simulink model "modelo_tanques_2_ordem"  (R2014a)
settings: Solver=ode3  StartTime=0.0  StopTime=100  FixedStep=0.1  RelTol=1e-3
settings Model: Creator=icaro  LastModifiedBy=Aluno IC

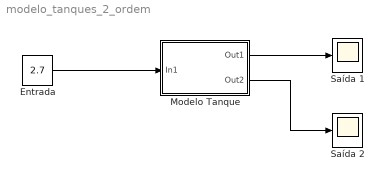
== system modelo_tanques_2_ordem ==
  Entrada : Constant  Value=2.7  SampleTime=.1
  Modelo Tanque : Subsystem
  Saída 1 : Scope
      settings: ShowLegends=on  TimeRange=100  YMin=0  YMax=30  SaveName=Saidajunta  SampleInput=on  SampleTime=10^-1
  Saída 2 : Scope
      settings: ShowLegends=on  TimeRange=100  YMin=0  YMax=30  SaveName=Saidajunta1  SampleInput=on  SampleTime=10^-1
  wires:
  Modelo Tanque/1(Out1) -> Saída 1/1
  Modelo Tanque/2(Out2) -> Saída 2/1
  Entrada/1 -> Modelo Tanque/1(In1)

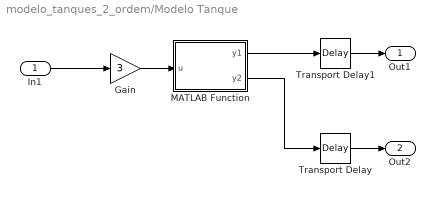
== system modelo_tanques_2_ordem/Modelo Tanque ==
  In1 : Inport
  Gain : Gain  Gain=3
  MATLAB Function : MATLAB Function  TreatAsAtomicUnit=on
  Transport Delay : TransportDelay  DelayTime=2
  Transport Delay1 : TransportDelay  DelayTime=2
  Out1 : Outport
  Out2 : Outport  Port=2
  wires:
  Gain/1 -> MATLAB Function/1(u)
  Transport Delay/1 -> Out2/1
  Transport Delay1/1 -> Out1/1
  MATLAB Function/1(y1) -> Transport Delay1/1
  MATLAB Function/2(y2) -> Transport Delay/1
  In1/1 -> Gain/1

== matlab function modelo_tanques_2_ordem/Modelo Tanque/MATLAB Function ==
  data: u input; y1 output; y2 output
function [y1, y2]= fcn(u)

persistent A1
persistent A2
persistent a1
persistent a2
persistent km
persistent g
persistent t
persistent h1
persistent h2

if(isempty(t))
    A1 = pi*(4.445/2)^2;           %Area transversal do tanque 1
    A2 = pi*(4.445/2)^2;           %Area transversal do tanque 2
    a1 = (0.445/2)^2*pi;     %Area transversal da tubulação de saida em t1 
    a2 =(0.445/2)^2*pi;    %Area transversal da tubulação de saida em t2
    km = 3.3;                %Constante do Motor
    g  = 980.665;               %Constante da gravidade
    h1 = 0;
    h2 = 0;
    t = 10^-1;
end

dh1 = ((km*u) - a1*sqrt(2*g*h1))/A1;
h1 = h1 + t*dh1;
if(h1<0)
    h1 = 0;
end
dh2 = (a1*sqrt(2*g*h1) - a2*sqrt(2*g*h2))/A2;
h2 = h2 + t*dh2;
if(h2<0)
    h2 = 0;
end

y1 = h1;
y2 = h2;

end

+--

Please restate the material word for word; the pictures stay out.

Answer to the problem>
simulink model "modelo_tanques_2_ordem"  (R2014a)
settings: Solver=ode3  StartTime=0.0  StopTime=100  FixedStep=0.1  RelTol=1e-3
settings Model: Creator=icaro  LastModifiedBy=Aluno IC

== system modelo_tanques_2_ordem ==
  Entrada : Constant  Value=2.7  SampleTime=.1
  Modelo Tanque : Subsystem
  Saída 1 : Scope
      settings: ShowLegends=on  TimeRange=100  YMin=0  YMax=30  SaveName=Saidajunta  SampleInput=on  SampleTime=10^-1
  Saída 2 : Scope
      settings: ShowLegends=on  TimeRange=100  YMin=0  YMax=30  SaveName=Saidajunta1  SampleInput=on  SampleTime=10^-1
  wires:
  Modelo Tanque/1(Out1) -> Saída 1/1
  Modelo Tanque/2(Out2) -> Saída 2/1
  Entrada/1 -> Modelo Tanque/1(In1)

== system modelo_tanques_2_ordem/Modelo Tanque ==
  In1 : Inport
  Gain : Gain  Gain=3
  MATLAB Function : MATLAB Function  TreatAsAtomicUnit=on
  Transport Delay : TransportDelay  DelayTime=2
  Transport Delay1 : TransportDelay  DelayTime=2
  Out1 : Outport
  Out2 : Outport  Port=2
  wires:
  Gain/1 -> MATLAB Function/1(u)
  Transport Delay/1 -> Out2/1
  Transport Delay1/1 -> Out1/1
  MATLAB Function/1(y1) -> Transport Delay1/1
  MATLAB Function/2(y2) -> Transport Delay/1
  In1/1 -> Gain/1

== matlab function modelo_tanques_2_ordem/Modelo Tanque/MATLAB Function ==
  data: u input; y1 output; y2 output
function [y1, y2]= fcn(u)

persistent A1
persistent A2
persistent a1
persistent a2
persistent km
persistent g
persistent t
persistent h1
persistent h2

if(isempty(t))
    A1 = pi*(4.445/2)^2;           %Area transversal do tanque 1
    A2 = pi*(4.445/2)^2;           %Area transversal do tanque 2
    a1 = (0.445/2)^2*pi;     %Area transversal da tubulação de saida em t1 
    a2 =(0.445/2)^2*pi;    %Area transversal da tubulação de saida em t2
    km = 3.3;                %Constante do Motor
    g  = 980.665;               %Constante da gravidade
    h1 = 0;
    h2 = 0;
    t = 10^-1;
end

dh1 = ((km*u) - a1*sqrt(2*g*h1))/A1;
h1 = h1 + t*dh1;
if(h1<0)
    h1 = 0;
end
dh2 = (a1*sqrt(2*g*h1) - a2*sqrt(2*g*h2))/A2;
h2 = h2 + t*dh2;
if(h2<0)
    h2 = 0;
end

y1 = h1;
y2 = h2;

end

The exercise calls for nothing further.